General (reasoning should be OFF)

curl -sS http://localhost:8801/v1/chat/completions \
-H "Content-Type: application/json" \
-d '{
"model": "auto",
"messages": [
{"role": "system", "content": "You are a helpful assistant."},
{"role": "user", "content": "Who are you?"}
]
}' | jq

Verify routing via response headers The router does not inject routing metadata into the JSON body. Instead, inspect the response headers added by the router:

  • X-Selected-Model
  • X-Semantic-Destination-Endpoint

Example:

curl -i http://localhost:8801/v1/chat/completions \
-H "Content-Type: application/json" \
-d '{
"model": "auto",
"messages": [
{"role": "system", "content": "You are a math teacher."},
{"role": "user", "content": "What is the derivative of f(x) = x^3 + 2x^2 - 5x + 7?"}
]
}'
# In the response headers, look for:
# X-Selected-Model: <your-selected-model>
# X-Semantic-Destination-Endpoint: <address:port>
  1. Run a comprehensive evaluation You can benchmark the router vs a direct vLLM endpoint across categories using the included script. This runs a ReasoningBench based on MMLU-Pro and produces summaries and plots.

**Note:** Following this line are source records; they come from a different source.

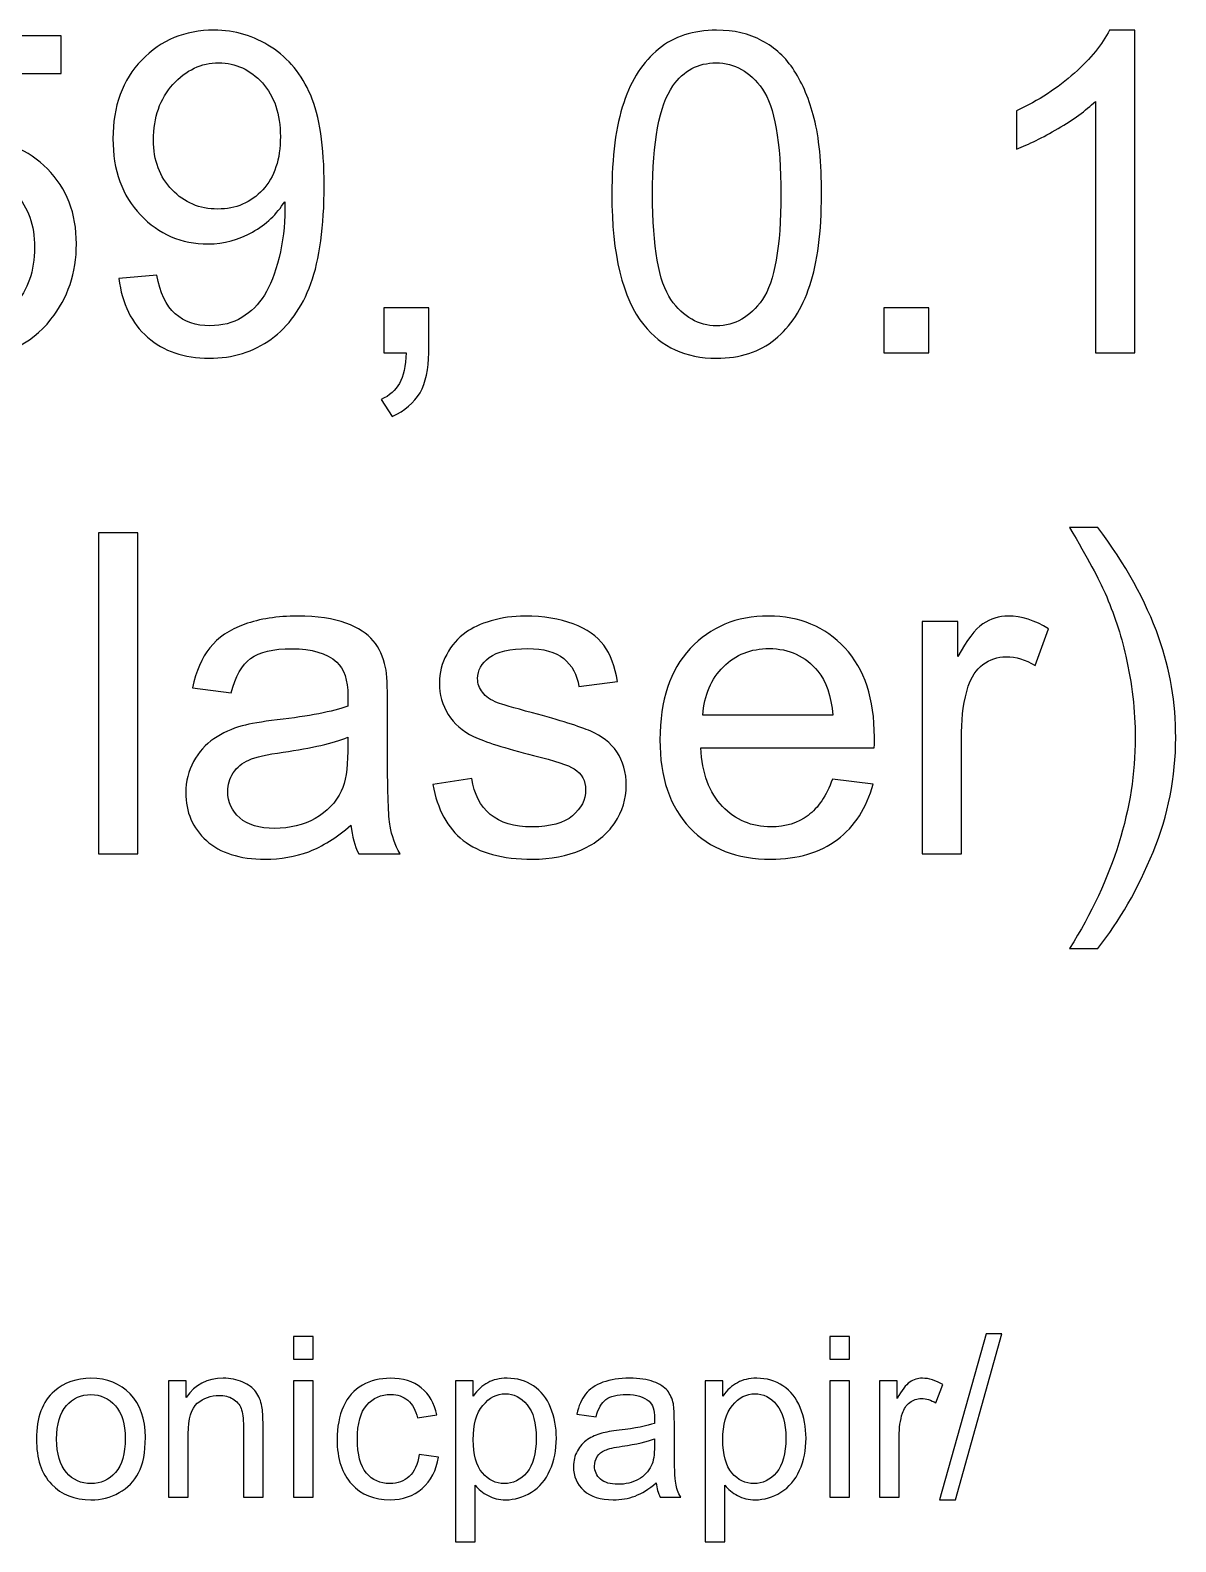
# Model space of a CAD drawing. Header units: inches. Extents: x -3.1 to 14.9, y -9.8 to 5.5.
# Drawn here: x 1.4 to 2.251, y 4.272 to 5.395 of the extents above; entities that cross this region are included whole.
import ezdxf

# ---------------------------------------------------------------- set-up
doc = ezdxf.new("R2010")
doc.units = ezdxf.units.IN
doc.header["$MEASUREMENT"] = 0
doc.layers.add('Layer 1', color=7, linetype='Continuous')

msp = doc.modelspace()

# ---------------------------------------------------------------- linework, layer by layer
at = {"layer": 'Layer 1', "color": 250}
for points, knots in [([(1.2762, 5.2182), (1.2762, 5.2182), (1.307, 5.2208), (1.307, 5.2208), (1.307, 5.2208), (1.3093, 5.2058), (1.3146, 5.1945), (1.3229, 5.187), (1.3229, 5.187), (1.3312, 5.1794), (1.3412, 5.1757), (1.3529, 5.1757), (1.3529, 5.1757), (1.367, 5.1757), (1.379, 5.181), (1.3887, 5.1916), (1.3887, 5.1916), (1.3985, 5.2023), (1.4034, 5.2164), (1.4034, 5.2339), (1.4034, 5.2339), (1.4034, 5.2507), (1.3987, 5.2638), (1.3893, 5.2735), (1.3893, 5.2735), (1.3799, 5.2832), (1.3676, 5.288), (1.3524, 5.288), (1.3524, 5.288), (1.343, 5.288), (1.3345, 5.2858), (1.3269, 5.2815), (1.3269, 5.2815), (1.3192, 5.2773), (1.3133, 5.2717), (1.309, 5.2649), (1.309, 5.2649), (1.309, 5.2649), (1.2815, 5.2684), (1.2815, 5.2684), (1.2815, 5.2684), (1.2815, 5.2684), (1.3046, 5.391), (1.3046, 5.391), (1.3046, 5.391), (1.3046, 5.391), (1.4232, 5.391), (1.4232, 5.391), (1.4232, 5.391), (1.4232, 5.391), (1.4232, 5.363), (1.4232, 5.363), (1.4232, 5.363), (1.4232, 5.363), (1.328, 5.363), (1.328, 5.363), (1.328, 5.363), (1.328, 5.363), (1.3151, 5.2989), (1.3151, 5.2989), (1.3151, 5.2989), (1.3295, 5.3089), (1.3445, 5.3139), (1.3602, 5.3139), (1.3602, 5.3139), (1.3811, 5.3139), (1.3986, 5.3067), (1.413, 5.2922), (1.413, 5.2922), (1.4273, 5.2778), (1.4345, 5.2592), (1.4345, 5.2365), (1.4345, 5.2365), (1.4345, 5.2149), (1.4281, 5.1963), (1.4156, 5.1805), (1.4156, 5.1805), (1.4002, 5.1613), (1.3794, 5.1516), (1.3529, 5.1516), (1.3529, 5.1516), (1.3312, 5.1516), (1.3135, 5.1577), (1.2997, 5.1698), (1.2997, 5.1698), (1.286, 5.182), (1.2782, 5.1981), (1.2762, 5.2182)], [0, 0, 0, 0, 0.043478, 0.043478, 0.043478, 0.043478, 0.086957, 0.086957, 0.086957, 0.086957, 0.130435, 0.130435, 0.130435, 0.130435, 0.173913, 0.173913, 0.173913, 0.173913, 0.217391, 0.217391, 0.217391, 0.217391, 0.26087, 0.26087, 0.26087, 0.26087, 0.304348, 0.304348, 0.304348, 0.304348, 0.347826, 0.347826, 0.347826, 0.347826, 0.391304, 0.391304, 0.391304, 0.391304, 0.434783, 0.434783, 0.434783, 0.434783, 0.478261, 0.478261, 0.478261, 0.478261, 0.521739, 0.521739, 0.521739, 0.521739, 0.565217, 0.565217, 0.565217, 0.565217, 0.608696, 0.608696, 0.608696, 0.608696, 0.652174, 0.652174, 0.652174, 0.652174, 0.695652, 0.695652, 0.695652, 0.695652, 0.73913, 0.73913, 0.73913, 0.73913, 0.782609, 0.782609, 0.782609, 0.782609, 0.826087, 0.826087, 0.826087, 0.826087, 0.869565, 0.869565, 0.869565, 0.869565, 0.913043, 0.913043, 0.913043, 0.913043, 1, 1, 1, 1]), ([(1.466, 5.2108), (1.466, 5.2108), (1.4942, 5.2134), (1.4942, 5.2134), (1.4942, 5.2134), (1.4966, 5.2002), (1.5011, 5.1906), (1.5079, 5.1846), (1.5079, 5.1846), (1.5146, 5.1787), (1.5232, 5.1757), (1.5337, 5.1757), (1.5337, 5.1757), (1.5427, 5.1757), (1.5506, 5.1777), (1.5574, 5.1819), (1.5574, 5.1819), (1.5642, 5.186), (1.5697, 5.1915), (1.5741, 5.1984), (1.5741, 5.1984), (1.5785, 5.2053), (1.5821, 5.2146), (1.585, 5.2263), (1.585, 5.2263), (1.5879, 5.238), (1.5894, 5.2499), (1.5894, 5.2621), (1.5894, 5.2621), (1.5894, 5.2634), (1.5894, 5.2654), (1.5892, 5.2679), (1.5892, 5.2679), (1.5834, 5.2587), (1.5754, 5.251), (1.5652, 5.2453), (1.5652, 5.2453), (1.5551, 5.2394), (1.5441, 5.2365), (1.5323, 5.2365), (1.5323, 5.2365), (1.5125, 5.2365), (1.4958, 5.2437), (1.4821, 5.258), (1.4821, 5.258), (1.4685, 5.2724), (1.4616, 5.2912), (1.4616, 5.3147), (1.4616, 5.3147), (1.4616, 5.3389), (1.4687, 5.3583), (1.483, 5.3731), (1.483, 5.3731), (1.4973, 5.3879), (1.5152, 5.3953), (1.5367, 5.3953), (1.5367, 5.3953), (1.5522, 5.3953), (1.5664, 5.391), (1.5792, 5.3827), (1.5792, 5.3827), (1.5921, 5.3744), (1.6019, 5.3624), (1.6085, 5.347), (1.6085, 5.347), (1.6152, 5.3315), (1.6185, 5.3092), (1.6185, 5.2798), (1.6185, 5.2798), (1.6185, 5.2494), (1.6152, 5.2251), (1.6086, 5.207), (1.6086, 5.207), (1.602, 5.1889), (1.5921, 5.1752), (1.5791, 5.1658), (1.5791, 5.1658), (1.566, 5.1563), (1.5507, 5.1516), (1.5331, 5.1516), (1.5331, 5.1516), (1.5144, 5.1516), (1.4992, 5.1568), (1.4874, 5.1672), (1.4874, 5.1672), (1.4755, 5.1775), (1.4684, 5.192), (1.466, 5.2108)], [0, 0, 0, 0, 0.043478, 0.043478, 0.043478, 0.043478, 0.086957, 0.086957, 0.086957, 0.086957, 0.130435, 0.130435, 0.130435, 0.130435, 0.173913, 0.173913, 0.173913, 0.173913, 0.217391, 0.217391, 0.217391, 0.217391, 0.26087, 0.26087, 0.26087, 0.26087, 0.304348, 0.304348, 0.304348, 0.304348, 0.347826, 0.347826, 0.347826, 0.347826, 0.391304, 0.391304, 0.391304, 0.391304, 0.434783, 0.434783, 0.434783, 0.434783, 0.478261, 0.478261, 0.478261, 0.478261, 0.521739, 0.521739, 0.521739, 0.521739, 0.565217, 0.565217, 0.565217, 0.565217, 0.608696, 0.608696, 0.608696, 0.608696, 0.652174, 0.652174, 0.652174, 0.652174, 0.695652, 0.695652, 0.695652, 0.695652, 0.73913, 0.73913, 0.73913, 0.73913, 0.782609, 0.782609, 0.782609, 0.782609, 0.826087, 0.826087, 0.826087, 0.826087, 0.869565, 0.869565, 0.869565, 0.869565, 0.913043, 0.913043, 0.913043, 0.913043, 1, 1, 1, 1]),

Quick start (router + vLLM):

SAMPLES_PER_CATEGORY=25 \
CONCURRENT_REQUESTS=4 \
ROUTER_MODELS="auto" \
VLLM_MODELS="openai/gpt-oss-20b" \
./bench/run_bench.sh

Router-only benchmark:

BENCHMARK_ROUTER_ONLY=true \
SAMPLES_PER_CATEGORY=25 \
CONCURRENT_REQUESTS=4 \
ROUTER_MODELS="auto" \
./bench/run_bench.sh

Direct invocation (advanced):

python bench/router_reason_bench.py \
--run-router \
--router-endpoint http://localhost:8801/v1 \
--router-models auto \
--run-vllm \
--vllm-endpoint http://localhost:8000/v1 \
--vllm-models openai/gpt-oss-20b \
--samples-per-category 25 \
--concurrent-requests 4 \
--output-dir results/reasonbench

Tips

  • If your math request doesn’t enable reasoning, confirm the classifier assigns the "math" category with sufficient confidence (see classifier.category_model.threshold) and that the target model has a reasoning_family.
  • For models without a reasoning_family, the router will not inject reasoning fields even when the category requires reasoning (this is by design to avoid invalid requests).
  • You can override the effort per category via categories.reasoning_effort or set a global default via default_reasoning_effort.
  • Ensure your OpenAI-compatible backend is reachable at the configured vllm_endpoints (address:port). If it’s not running, routing will fail even though the router and Envoy are up.